━━━ PROVIDED ENTRIES
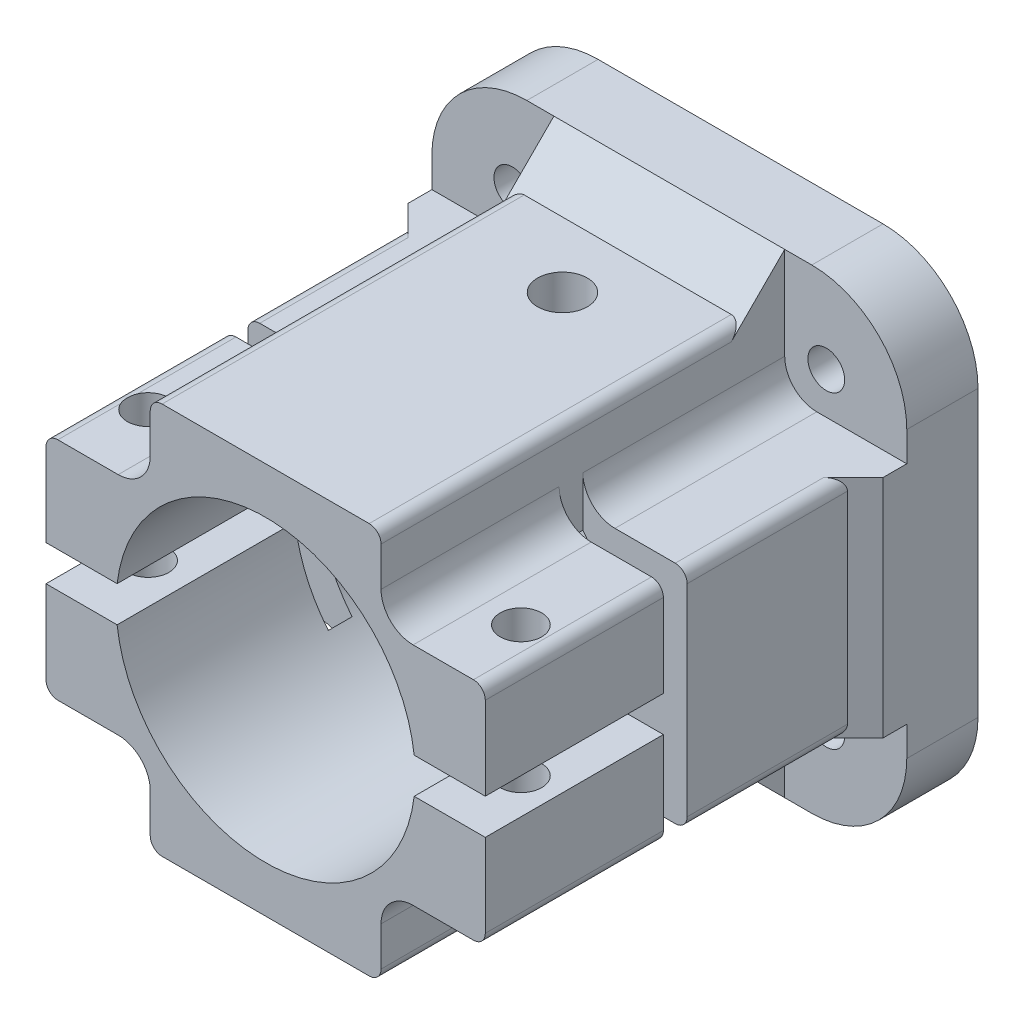
SolidWorks part; units mm, degrees
material "6061 合金"
ref_plane "前视基准面" through (0, 0, 0) normal (0, 0, 1) x (1, 0, 0)
ref_plane "上视基准面" through (0, 0, 0) normal (0, 1, 0) x (1, 0, 0)
ref_plane "右视基准面" through (0, 0, 0) normal (1, 0, 0) x (0, 0, -1)
sketch "草图1" plane through (0, 0, 0) normal (0, 0, 1) x (1, 0, 0)
  line L0 (-15.72, 23.2982) -> (-15.72, -24.751) construction
  line L1 (-20, -20) -> (20, -20)
  line L2 (-20, -20) -> (-20, 20)
  line L3 (-20, 20) -> (20, 20)
  line L4 (20, -20) -> (20, 20)
  line L5 (-20, -20) -> (20, 20) construction
  line L6 (-20, 20) -> (20, -20) construction
  line L7 (0, 20) -> (0, 0) construction
  line L8 (0, 0) -> (15.0364, 0) construction
  circle A0 centre (-13.22, 13) radius 1.55
  circle A1 centre (0, 0) radius 12.5
  circle A2 centre (13.22, 13) radius 1.55
  circle A3 centre (13.22, -13) radius 1.55
  circle A4 centre (-13.22, -13) radius 1.55
  point P0 (0, 0)
  dimension "D6" = 3.1
  dimension "D5" = 6.78
  dimension "D7" = 25
  dimension "D1" = 40
  dimension "D2" = 40
  dimension "D3" = 4.28
  dimension "D4" = 7
extrude "凸台-拉伸1" add sketch "草图1" along normal blind 6
sketch "草图2" plane through (0, 0, 6) normal (0, 0, 1) x (1, 0, 0)
  line L0 (-9.72, 9.5) -> (-9.72, 16.5)
  line L1 (-9.72, -16.5) -> (9.72, -16.5)
  line L2 (-18.5, -9.5) -> (-18.5, 9.5)
  line L3 (0, 0) -> (0, 20) construction
  line L4 (18.5, -9.5) -> (18.5, 9.5)
  line L5 (-10.6376, -10.6376) -> (16.5, 16.5) construction
  line L6 (-16.5, 16.5) -> (10.6376, -10.6376) construction
  line L7 (-9.72, 9.5) -> (-18.5, 9.5)
  line L8 (-9.72, 16.5) -> (9.72, 16.5)
  line L9 (20, 20) -> (-20, 20) construction
  line L10 (0, 0) -> (18.5, 0) construction
  line L11 (9.72, 9.5) -> (18.5, 9.5)
  line L12 (9.72, 9.5) -> (9.72, 16.5)
  line L13 (9.72, -9.5) -> (18.5, -9.5)
  line L14 (9.72, -9.5) -> (9.72, -16.5)
  line L15 (-9.72, -9.5) -> (-9.72, -16.5)
  line L16 (-9.72, -9.5) -> (-18.5, -9.5)
  circle A4 centre (0, 0) radius 12.5 construction
  circle A5 centre (0, 0) radius 12.5
  point P0 (0, 0)
  dimension "D1" = 18.5
  dimension "D4" = 16.5
extrude "凸台-拉伸2" add sketch "草图2" along normal blind 34
sketch "草图4" plane through (0, 9.5, 0) normal (0, 1, 0) x (1, 0, 0)
  line L0 (15.5, -43.489) -> (15.5, -9.113) construction
  line L1 (-15.9, -43.489) -> (-15.9, -8.3491) construction
  line L2 (18.5, -40) -> (18.5, -6) construction
  line L3 (-18.5, -40) -> (-18.5, -6) construction
  line L4 (-9.72, -40) -> (-18.5, -40) construction
  line L5 (18.5, -40) -> (9.72, -40) construction
  circle A0 centre (-15.9, -34) radius 1.75
  circle A1 centre (15.5, -34) radius 1.75
  dimension "D3" = 3.5
  dimension "D4" = 3.5
  dimension "D5" = 6
  dimension "D6" = 6
  dimension "D1" = 3
  dimension "D2" = 2.6
extrude "切除-拉伸1" cut sketch "草图4" against normal through all
chamfer "倒角1" distance 3.5 angle 45 2 edges at (0, -16.5, 6) (0, 16.5, 6)
chamfer "倒角2" distance 3.5 angle 45 2 edges at (-18.5, 0, 6) (18.5, 0, 6)
fillet "圆角3" radius 2.7 4 edges at (-9.72, 9.5, 23) (-9.72, -9.5, 23) (9.72, -9.5, 23) (9.72, 9.5, 23)
fillet "圆角4" radius 8 4 edges at (-20, -20, 3) (20, -20, 3) (20, 20, 3) (-20, 20, 3)
sketch "草图5" plane through (0, 0, 0) normal (0, 0, -1) x (-1, 0, 0)
  circle A0 centre (0, 0) radius 12.5
extrude "凸台-拉伸3" add sketch "草图5" against normal blind 3
sketch "草图6" plane through (0, 0, 3) normal (0, 0, 1) x (1, 0, 0)
  circle A0 centre (0, 4) radius 1.55
  circle A1 centre (0, -4) radius 1.55
  dimension "D1" = 3.1
  dimension "D2" = 4
  dimension "D3" = 3.1
  dimension "D4" = 4
extrude "切除-拉伸2" cut sketch "草图6" against normal through all
sketch "草图8" plane through (0, 0, 0) normal (0, 0, -1) x (-1, 0, 0)
  circle A0 centre (-13.22, 13) radius 1.55
  circle A1 centre (-13.22, 13) radius 3
  circle A2 centre (13.22, 13) radius 1.55
  circle A3 centre (13.22, 13) radius 3
  circle A4 centre (-13.22, -13) radius 3
  circle A5 centre (13.22, -13) radius 3
  circle A6 centre (-13.22, -13) radius 1.55
  circle A7 centre (13.22, -13) radius 1.55
  dimension "D1" = 6
  dimension "D2" = 6
  dimension "D3" = 6
  dimension "D4" = 6
extrude "凸台-拉伸4" add sketch "草图8" along normal blind 1.5
sketch "草图9" plane through (0, 0, 40) normal (0, 0, 1) x (1, 0, 0)
  line L0 (-25.7131, 0) -> (26.7479, 0) construction
  line L2 (-21.2464, 1.5) -> (23.5166, 1.5)
  line L3 (-21.2464, 1.5) -> (-21.2464, -1.5)
  line L4 (-21.2464, -1.5) -> (23.5166, -1.5)
  line L5 (23.5166, 1.5) -> (23.5166, -1.5)
  dimension "D1" = 1.5
  dimension "D2" = 1.5
extrude "切除-拉伸3" cut sketch "草图9" against normal blind 15
sketch "草图10" plane through (-18.5, 0, 0) normal (-1, 0, 0) x (0, 0, 1)
  line L0 (40, 16.5) -> (9.5, 16.5) construction
  line L1 (25, 14.5) -> (23, 14.5)
  line L2 (25, 14.5) -> (25, -14.5)
  line L3 (25, -14.5) -> (23, -14.5)
  line L4 (23, 14.5) -> (23, -14.5)
  line L5 (40, -16.5) -> (9.5, -16.5) construction
  line L6 (25, 1.5) -> (25, -1.5) construction
  dimension "D1" = 2
  dimension "D2" = 2
  dimension "D3" = 2
  dimension "D4" = 0
extrude "切除-拉伸4" cut sketch "草图10" against normal up to surface (8.78 mm away) up to face at (-9.72, 15.48, 20.3)
sketch "草图11" plane through (18.5, 0, 0) normal (1, 0, 0) x (0, 0, -1)
  line L0 (-40, -16.5) -> (-9.5, -16.5) construction
  line L1 (-25, 15.2469) -> (-23, 15.2469)
  line L2 (-25, 15.2469) -> (-25, -14.5)
  line L3 (-25, -14.5) -> (-23, -14.5)
  line L4 (-23, 15.2469) -> (-23, -14.5)
  dimension "D1" = 2
  dimension "D2" = 2
extrude "切除-拉伸5" cut sketch "草图11" against normal up to surface (8.78 mm away) up to face at (9.72, 15.48, 20.3)
fillet "圆角5" radius 1 12 edges at (-9.72, 16.5, 24.75) (9.72, 16.5, 24.75) (18.5, 9.5, 32.5) (18.5, 9.5, 16.25) (18.5, -9.5, 32.5) (18.5, -9.5, 16.25) (9.72, -16.5, 24.75) (-18.5, 9.5, 16.25) (-18.5, -9.5, 16.25) (-9.72, -16.5, 24.75) (-18.5, -9.5, 32.5) (-18.5, 9.5, 32.5)
sketch "草图12" plane through (0, 16.5, 0) normal (0, 1, 0) x (1, 0, 0)
  line L0 (12, 0) -> (-12, 0) construction
  circle A0 centre (0, -15) radius 2.1
  dimension "D2" = 4.2
  dimension "D1" = 15
extrude "切除-拉伸6" cut sketch "草图12" against normal through all
sketch "草图14" plane through (0, 0, 40) normal (0, 0, 1) x (1, 0, 0)
  circle A0 centre (0, 0) radius 12.6
  dimension "D1" = 25.2
extrude "切除-拉伸7" cut sketch "草图14" against normal up to surface (37 mm away) up to face at (1.55, -4, 3)
━━━━━━
Within the records, how many lines carry the word "along"? Reply with the figure alone.

SOLUTION FOR THIS PROBLEM: 3